__About this exercise__.
When you reach the line containing "line L34 (-24.6845, -39.0793)" in the records below, start copying exactly, and stop once you have copied the line containing "line L43 (-46.125, 3) -> (-46.125, -3)".

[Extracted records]

..............................

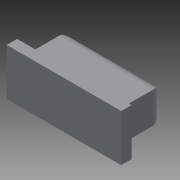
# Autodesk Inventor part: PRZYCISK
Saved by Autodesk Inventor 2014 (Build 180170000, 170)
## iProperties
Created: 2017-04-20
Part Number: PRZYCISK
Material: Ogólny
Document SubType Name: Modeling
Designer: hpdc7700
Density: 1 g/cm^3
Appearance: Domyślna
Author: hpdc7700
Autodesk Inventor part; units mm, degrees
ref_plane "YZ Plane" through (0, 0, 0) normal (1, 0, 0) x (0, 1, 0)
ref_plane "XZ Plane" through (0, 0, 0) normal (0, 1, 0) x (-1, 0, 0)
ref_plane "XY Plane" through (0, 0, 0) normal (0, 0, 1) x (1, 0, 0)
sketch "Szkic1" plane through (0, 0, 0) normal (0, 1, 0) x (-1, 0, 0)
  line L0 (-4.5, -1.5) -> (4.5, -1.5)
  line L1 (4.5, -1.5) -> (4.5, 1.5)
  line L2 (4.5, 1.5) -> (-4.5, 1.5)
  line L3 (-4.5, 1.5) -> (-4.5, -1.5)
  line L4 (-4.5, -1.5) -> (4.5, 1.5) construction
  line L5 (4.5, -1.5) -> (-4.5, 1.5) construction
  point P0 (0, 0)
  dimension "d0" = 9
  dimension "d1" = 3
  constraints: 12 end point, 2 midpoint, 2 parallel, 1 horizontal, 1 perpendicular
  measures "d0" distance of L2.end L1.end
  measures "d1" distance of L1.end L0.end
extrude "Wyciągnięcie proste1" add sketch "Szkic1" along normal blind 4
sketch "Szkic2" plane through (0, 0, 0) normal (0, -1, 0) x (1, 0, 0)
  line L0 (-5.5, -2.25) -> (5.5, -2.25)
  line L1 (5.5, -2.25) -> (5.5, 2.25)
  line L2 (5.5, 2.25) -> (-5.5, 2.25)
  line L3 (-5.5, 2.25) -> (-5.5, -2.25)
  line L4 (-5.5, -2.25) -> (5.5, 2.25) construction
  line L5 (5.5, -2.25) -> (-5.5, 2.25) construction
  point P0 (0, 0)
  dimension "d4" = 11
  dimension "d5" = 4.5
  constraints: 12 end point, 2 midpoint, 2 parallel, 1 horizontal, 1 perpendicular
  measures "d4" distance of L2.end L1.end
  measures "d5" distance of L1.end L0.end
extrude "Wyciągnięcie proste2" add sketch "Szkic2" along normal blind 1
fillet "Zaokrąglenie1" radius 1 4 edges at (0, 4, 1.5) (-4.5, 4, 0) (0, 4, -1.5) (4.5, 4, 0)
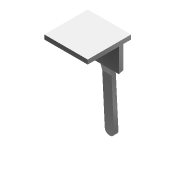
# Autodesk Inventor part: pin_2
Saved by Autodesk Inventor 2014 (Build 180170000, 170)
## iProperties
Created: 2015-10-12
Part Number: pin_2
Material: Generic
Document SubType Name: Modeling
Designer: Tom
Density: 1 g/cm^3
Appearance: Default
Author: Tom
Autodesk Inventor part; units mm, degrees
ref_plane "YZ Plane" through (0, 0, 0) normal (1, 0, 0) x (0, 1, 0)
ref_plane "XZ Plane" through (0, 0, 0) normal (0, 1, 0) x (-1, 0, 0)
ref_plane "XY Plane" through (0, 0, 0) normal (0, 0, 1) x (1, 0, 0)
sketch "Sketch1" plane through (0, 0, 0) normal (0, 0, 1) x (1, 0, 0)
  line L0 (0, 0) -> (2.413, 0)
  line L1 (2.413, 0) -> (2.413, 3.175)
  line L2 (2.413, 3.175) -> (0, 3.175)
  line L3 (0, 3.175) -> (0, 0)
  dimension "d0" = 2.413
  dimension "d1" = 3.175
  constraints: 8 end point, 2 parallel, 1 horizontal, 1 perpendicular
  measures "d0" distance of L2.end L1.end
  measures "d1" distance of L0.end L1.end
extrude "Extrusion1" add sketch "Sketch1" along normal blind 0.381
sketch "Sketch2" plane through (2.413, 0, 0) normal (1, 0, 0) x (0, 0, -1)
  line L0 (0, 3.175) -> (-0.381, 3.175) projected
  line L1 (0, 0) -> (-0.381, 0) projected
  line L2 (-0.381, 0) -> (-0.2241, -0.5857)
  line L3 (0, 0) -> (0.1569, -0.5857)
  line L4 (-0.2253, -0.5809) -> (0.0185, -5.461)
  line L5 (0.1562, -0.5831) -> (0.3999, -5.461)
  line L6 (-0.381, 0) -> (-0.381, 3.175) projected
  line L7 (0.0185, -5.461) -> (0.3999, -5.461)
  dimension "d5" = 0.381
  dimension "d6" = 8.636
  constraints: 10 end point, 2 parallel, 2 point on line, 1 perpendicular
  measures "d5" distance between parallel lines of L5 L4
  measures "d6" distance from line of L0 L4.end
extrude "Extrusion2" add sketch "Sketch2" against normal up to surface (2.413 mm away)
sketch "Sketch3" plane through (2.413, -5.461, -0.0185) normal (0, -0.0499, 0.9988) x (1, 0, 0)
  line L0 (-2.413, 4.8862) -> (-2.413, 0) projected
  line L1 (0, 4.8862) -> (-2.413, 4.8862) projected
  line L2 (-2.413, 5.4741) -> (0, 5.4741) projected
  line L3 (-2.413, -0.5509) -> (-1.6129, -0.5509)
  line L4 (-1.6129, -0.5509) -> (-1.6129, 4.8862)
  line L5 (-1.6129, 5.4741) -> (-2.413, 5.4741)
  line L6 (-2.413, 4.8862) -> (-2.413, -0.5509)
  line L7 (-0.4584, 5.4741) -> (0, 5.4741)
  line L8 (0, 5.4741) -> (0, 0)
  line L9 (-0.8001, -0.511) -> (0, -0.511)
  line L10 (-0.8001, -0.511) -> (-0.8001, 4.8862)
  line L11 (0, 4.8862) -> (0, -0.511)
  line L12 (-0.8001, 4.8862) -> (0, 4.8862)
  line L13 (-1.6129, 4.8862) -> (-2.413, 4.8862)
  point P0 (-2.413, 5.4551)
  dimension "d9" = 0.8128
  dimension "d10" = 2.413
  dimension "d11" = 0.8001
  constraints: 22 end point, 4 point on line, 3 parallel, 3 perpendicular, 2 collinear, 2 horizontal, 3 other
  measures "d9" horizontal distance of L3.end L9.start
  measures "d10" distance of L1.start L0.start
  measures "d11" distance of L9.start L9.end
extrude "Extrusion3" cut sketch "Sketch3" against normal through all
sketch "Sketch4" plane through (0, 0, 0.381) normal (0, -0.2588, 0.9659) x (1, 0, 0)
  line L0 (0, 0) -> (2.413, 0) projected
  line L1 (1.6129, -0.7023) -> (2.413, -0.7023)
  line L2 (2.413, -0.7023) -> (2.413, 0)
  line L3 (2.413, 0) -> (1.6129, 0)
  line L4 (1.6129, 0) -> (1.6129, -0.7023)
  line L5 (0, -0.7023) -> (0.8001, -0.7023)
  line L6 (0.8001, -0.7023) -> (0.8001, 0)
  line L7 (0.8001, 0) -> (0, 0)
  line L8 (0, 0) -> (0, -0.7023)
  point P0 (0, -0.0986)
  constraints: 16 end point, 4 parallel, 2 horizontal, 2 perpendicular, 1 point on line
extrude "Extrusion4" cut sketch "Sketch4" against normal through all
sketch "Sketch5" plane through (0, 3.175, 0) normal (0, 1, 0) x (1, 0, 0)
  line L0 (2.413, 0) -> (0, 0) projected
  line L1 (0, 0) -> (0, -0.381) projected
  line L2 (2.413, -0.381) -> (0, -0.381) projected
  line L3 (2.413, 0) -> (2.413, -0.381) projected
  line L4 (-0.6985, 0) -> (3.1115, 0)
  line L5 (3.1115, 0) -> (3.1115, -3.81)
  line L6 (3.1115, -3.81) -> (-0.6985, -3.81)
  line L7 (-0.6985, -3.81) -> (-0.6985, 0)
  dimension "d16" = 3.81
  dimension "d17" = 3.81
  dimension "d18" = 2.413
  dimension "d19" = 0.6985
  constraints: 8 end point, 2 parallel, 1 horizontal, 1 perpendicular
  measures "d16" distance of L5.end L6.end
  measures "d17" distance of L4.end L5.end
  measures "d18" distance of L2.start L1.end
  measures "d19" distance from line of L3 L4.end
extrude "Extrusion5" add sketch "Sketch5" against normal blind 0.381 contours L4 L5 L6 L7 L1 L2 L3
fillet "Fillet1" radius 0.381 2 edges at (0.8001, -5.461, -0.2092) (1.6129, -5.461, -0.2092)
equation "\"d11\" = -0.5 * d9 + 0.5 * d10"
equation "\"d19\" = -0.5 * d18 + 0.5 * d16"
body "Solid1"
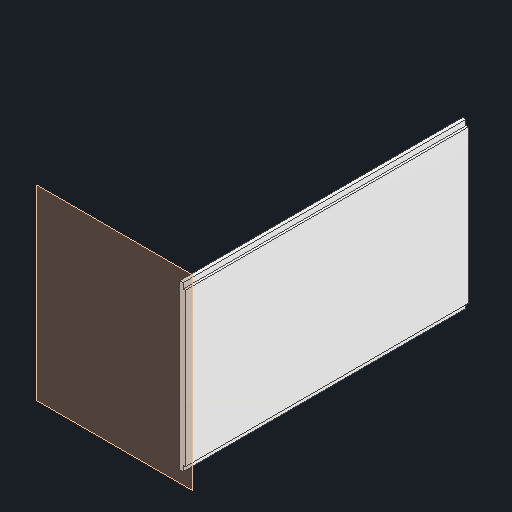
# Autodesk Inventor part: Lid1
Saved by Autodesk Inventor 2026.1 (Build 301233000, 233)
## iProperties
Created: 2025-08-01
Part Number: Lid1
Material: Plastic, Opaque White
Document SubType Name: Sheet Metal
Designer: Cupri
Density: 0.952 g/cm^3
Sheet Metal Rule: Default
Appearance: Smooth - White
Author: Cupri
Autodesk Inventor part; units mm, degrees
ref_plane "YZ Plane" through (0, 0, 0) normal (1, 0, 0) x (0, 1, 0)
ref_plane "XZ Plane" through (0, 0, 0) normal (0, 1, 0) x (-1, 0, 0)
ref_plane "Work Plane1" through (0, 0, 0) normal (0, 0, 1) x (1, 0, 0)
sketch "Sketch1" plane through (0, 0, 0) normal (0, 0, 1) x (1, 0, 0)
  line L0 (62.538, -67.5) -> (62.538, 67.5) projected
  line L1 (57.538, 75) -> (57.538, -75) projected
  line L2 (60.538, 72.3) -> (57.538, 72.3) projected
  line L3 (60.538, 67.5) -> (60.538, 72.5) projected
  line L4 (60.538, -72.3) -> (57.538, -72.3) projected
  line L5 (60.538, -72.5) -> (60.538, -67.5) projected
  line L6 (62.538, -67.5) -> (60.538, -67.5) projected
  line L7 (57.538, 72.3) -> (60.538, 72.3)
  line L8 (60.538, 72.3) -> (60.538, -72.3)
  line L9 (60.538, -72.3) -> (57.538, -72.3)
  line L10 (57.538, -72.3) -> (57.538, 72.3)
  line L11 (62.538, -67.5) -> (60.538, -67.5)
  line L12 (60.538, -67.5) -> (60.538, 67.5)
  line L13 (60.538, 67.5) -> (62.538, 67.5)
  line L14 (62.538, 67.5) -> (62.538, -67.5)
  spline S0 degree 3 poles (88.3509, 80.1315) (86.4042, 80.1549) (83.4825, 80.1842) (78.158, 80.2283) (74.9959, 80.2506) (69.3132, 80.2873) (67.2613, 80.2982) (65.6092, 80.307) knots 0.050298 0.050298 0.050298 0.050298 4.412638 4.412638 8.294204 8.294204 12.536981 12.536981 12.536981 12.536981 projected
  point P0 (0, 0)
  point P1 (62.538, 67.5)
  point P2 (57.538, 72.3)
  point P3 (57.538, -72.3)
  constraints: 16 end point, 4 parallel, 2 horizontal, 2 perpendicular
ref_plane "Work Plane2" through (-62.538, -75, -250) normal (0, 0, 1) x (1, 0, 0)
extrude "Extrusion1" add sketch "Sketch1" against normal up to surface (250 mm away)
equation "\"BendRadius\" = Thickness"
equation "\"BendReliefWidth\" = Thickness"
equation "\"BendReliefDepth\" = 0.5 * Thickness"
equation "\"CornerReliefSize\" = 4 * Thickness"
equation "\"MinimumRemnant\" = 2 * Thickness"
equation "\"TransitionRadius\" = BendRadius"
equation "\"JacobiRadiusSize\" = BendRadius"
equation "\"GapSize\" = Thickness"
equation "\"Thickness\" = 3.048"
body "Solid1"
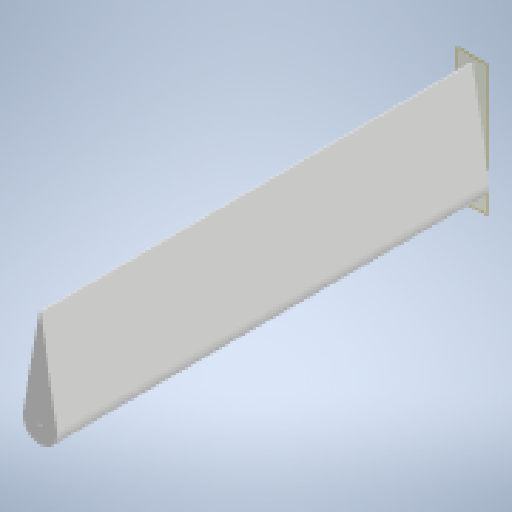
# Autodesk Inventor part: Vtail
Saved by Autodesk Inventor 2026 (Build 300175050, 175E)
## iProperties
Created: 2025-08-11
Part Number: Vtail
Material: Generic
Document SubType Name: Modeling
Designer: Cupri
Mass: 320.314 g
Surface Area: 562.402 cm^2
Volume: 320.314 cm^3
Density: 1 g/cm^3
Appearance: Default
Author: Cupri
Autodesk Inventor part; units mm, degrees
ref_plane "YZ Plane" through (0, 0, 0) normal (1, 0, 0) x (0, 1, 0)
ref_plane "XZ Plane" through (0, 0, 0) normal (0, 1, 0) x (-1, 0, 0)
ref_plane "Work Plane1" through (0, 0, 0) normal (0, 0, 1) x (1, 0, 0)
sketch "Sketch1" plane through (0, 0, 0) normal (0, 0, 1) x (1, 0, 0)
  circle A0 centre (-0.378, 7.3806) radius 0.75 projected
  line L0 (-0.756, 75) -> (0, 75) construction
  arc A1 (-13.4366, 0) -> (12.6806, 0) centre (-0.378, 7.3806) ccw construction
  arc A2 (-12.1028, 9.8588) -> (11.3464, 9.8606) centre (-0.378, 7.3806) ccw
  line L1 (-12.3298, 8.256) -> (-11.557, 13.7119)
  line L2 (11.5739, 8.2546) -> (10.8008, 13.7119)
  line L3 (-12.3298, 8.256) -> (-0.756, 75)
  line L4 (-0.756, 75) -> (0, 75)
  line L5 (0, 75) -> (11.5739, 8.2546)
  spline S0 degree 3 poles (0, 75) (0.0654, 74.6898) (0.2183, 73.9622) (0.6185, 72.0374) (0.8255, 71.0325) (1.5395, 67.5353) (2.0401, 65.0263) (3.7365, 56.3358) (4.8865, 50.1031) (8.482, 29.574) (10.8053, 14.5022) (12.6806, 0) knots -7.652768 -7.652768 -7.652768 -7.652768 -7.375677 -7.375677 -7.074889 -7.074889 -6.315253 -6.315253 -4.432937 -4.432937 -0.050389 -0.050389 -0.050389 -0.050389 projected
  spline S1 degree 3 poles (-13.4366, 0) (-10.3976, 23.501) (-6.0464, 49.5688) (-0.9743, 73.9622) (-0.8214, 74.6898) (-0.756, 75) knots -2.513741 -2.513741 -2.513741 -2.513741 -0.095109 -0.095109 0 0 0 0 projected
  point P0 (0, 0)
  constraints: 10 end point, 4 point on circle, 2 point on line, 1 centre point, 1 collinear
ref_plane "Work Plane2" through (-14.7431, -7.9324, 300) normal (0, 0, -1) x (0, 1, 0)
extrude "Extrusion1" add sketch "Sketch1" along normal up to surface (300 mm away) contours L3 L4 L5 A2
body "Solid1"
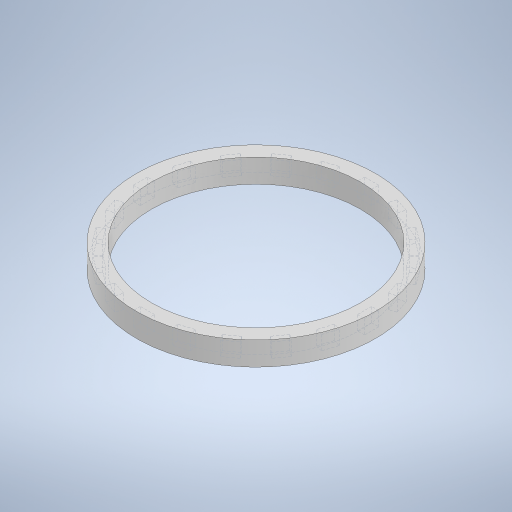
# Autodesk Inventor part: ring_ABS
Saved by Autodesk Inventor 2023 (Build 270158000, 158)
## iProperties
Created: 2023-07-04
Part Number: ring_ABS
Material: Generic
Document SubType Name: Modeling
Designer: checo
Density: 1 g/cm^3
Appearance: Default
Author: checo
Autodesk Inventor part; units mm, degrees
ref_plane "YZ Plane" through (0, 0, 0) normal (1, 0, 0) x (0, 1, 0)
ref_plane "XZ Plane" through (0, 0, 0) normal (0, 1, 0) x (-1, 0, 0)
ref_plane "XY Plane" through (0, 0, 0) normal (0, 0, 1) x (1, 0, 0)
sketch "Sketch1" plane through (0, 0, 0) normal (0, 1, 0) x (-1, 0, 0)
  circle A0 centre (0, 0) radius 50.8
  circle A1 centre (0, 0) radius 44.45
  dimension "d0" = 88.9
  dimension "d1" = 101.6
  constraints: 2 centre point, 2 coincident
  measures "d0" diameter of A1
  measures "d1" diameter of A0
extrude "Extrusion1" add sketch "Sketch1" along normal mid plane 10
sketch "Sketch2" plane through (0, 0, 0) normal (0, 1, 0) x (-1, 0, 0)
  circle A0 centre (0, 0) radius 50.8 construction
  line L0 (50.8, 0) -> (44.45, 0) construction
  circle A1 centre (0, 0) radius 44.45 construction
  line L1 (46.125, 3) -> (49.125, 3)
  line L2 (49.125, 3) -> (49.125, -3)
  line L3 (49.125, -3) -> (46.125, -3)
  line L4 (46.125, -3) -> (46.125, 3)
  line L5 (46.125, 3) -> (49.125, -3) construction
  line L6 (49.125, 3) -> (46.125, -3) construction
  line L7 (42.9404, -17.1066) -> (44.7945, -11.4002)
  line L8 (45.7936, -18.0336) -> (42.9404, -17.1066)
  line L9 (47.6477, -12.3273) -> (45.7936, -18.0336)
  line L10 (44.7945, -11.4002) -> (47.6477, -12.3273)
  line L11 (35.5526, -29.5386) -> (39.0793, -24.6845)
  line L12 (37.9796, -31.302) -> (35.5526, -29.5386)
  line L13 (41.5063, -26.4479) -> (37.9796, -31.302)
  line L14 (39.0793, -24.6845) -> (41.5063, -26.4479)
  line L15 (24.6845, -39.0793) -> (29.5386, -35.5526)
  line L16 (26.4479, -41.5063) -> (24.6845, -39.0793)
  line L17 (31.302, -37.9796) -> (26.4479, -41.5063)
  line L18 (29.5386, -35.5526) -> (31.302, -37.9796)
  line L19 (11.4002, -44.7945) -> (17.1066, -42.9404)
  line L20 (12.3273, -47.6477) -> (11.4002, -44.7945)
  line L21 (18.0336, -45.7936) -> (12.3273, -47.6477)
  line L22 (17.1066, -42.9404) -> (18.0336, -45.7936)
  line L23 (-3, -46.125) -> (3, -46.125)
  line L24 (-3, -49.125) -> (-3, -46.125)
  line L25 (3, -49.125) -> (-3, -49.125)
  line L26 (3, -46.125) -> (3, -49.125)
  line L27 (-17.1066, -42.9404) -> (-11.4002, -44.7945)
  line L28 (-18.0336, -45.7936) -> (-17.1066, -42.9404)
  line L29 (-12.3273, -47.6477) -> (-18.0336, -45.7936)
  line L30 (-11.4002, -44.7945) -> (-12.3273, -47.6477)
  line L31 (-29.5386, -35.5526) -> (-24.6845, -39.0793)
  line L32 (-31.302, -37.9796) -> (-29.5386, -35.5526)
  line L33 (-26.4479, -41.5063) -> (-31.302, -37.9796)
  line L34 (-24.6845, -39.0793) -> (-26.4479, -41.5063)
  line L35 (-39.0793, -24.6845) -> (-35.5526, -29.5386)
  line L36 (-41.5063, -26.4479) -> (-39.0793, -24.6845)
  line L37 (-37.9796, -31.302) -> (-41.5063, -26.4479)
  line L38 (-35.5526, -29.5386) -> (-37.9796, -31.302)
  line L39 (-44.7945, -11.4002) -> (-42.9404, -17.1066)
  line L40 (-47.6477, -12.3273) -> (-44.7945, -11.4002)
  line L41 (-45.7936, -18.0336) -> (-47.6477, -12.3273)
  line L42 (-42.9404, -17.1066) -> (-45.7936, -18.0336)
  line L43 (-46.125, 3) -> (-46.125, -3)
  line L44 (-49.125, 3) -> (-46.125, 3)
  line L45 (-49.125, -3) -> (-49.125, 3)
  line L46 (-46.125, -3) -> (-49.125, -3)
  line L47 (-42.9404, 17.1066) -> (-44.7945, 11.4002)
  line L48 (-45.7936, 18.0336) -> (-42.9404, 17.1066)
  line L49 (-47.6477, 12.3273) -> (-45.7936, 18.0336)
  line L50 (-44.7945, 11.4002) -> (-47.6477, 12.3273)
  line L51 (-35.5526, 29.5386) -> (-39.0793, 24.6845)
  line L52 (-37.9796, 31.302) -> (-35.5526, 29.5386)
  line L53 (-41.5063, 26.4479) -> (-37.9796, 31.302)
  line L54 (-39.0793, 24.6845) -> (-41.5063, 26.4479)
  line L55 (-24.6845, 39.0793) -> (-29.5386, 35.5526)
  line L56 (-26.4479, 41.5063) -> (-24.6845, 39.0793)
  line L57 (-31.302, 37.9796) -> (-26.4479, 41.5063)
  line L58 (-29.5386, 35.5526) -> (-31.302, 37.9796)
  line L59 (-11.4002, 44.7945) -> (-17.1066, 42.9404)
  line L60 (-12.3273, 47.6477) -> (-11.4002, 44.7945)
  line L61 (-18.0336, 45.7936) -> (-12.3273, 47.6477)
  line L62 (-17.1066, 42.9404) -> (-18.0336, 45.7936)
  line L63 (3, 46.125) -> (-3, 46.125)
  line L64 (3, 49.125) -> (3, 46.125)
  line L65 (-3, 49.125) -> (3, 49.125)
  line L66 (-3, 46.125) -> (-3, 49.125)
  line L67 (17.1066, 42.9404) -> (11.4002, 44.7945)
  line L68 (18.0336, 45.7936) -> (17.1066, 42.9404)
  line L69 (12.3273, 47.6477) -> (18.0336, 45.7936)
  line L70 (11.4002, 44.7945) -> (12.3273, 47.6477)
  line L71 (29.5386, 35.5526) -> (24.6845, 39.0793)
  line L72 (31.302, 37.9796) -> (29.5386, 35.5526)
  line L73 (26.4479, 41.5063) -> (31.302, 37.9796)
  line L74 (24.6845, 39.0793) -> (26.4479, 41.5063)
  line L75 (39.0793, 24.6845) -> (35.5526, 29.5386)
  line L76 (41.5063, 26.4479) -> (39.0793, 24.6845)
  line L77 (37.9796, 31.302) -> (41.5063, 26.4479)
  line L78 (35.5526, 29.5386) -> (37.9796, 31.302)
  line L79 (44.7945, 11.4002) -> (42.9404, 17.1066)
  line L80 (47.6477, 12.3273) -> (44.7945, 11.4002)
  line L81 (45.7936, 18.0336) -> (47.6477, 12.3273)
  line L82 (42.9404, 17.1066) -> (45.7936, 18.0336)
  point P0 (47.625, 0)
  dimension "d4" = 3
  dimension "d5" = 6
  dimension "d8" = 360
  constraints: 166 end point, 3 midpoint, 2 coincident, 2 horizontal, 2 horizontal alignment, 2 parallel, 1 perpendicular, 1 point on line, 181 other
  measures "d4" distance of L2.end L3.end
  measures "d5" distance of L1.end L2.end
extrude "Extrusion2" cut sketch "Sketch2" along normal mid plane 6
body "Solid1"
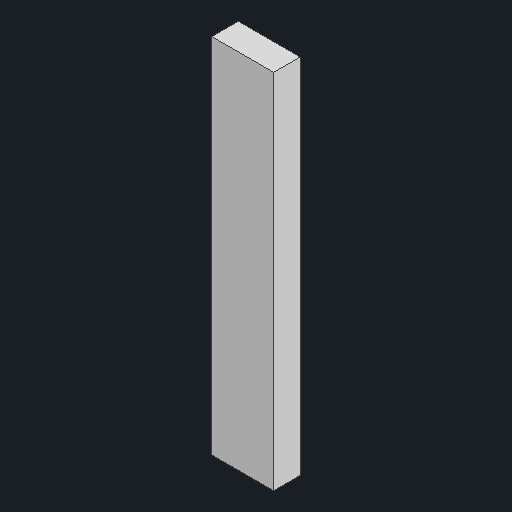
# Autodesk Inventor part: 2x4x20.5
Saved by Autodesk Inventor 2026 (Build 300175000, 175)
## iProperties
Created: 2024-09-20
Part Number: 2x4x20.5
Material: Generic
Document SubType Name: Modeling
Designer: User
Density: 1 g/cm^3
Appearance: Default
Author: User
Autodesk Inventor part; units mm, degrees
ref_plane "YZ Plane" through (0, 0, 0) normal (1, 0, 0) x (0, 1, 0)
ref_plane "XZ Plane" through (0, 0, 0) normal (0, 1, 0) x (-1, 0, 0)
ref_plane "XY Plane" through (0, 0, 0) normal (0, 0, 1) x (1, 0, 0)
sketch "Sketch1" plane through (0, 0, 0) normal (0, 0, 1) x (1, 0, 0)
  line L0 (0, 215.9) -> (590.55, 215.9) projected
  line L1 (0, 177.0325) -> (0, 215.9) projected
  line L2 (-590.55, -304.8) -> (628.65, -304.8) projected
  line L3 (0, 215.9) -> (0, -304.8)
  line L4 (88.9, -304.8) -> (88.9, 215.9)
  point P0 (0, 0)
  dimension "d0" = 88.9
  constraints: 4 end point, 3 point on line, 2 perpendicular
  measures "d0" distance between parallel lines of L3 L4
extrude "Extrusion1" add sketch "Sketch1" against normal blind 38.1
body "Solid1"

..............................

__Exercise answer__.
  line L34 (-24.6845, -39.0793) -> (-26.4479, -41.5063)
  line L35 (-39.0793, -24.6845) -> (-35.5526, -29.5386)
  line L36 (-41.5063, -26.4479) -> (-39.0793, -24.6845)
  line L37 (-37.9796, -31.302) -> (-41.5063, -26.4479)
  line L38 (-35.5526, -29.5386) -> (-37.9796, -31.302)
  line L39 (-44.7945, -11.4002) -> (-42.9404, -17.1066)
  line L40 (-47.6477, -12.3273) -> (-44.7945, -11.4002)
  line L41 (-45.7936, -18.0336) -> (-47.6477, -12.3273)
  line L42 (-42.9404, -17.1066) -> (-45.7936, -18.0336)
  line L43 (-46.125, 3) -> (-46.125, -3)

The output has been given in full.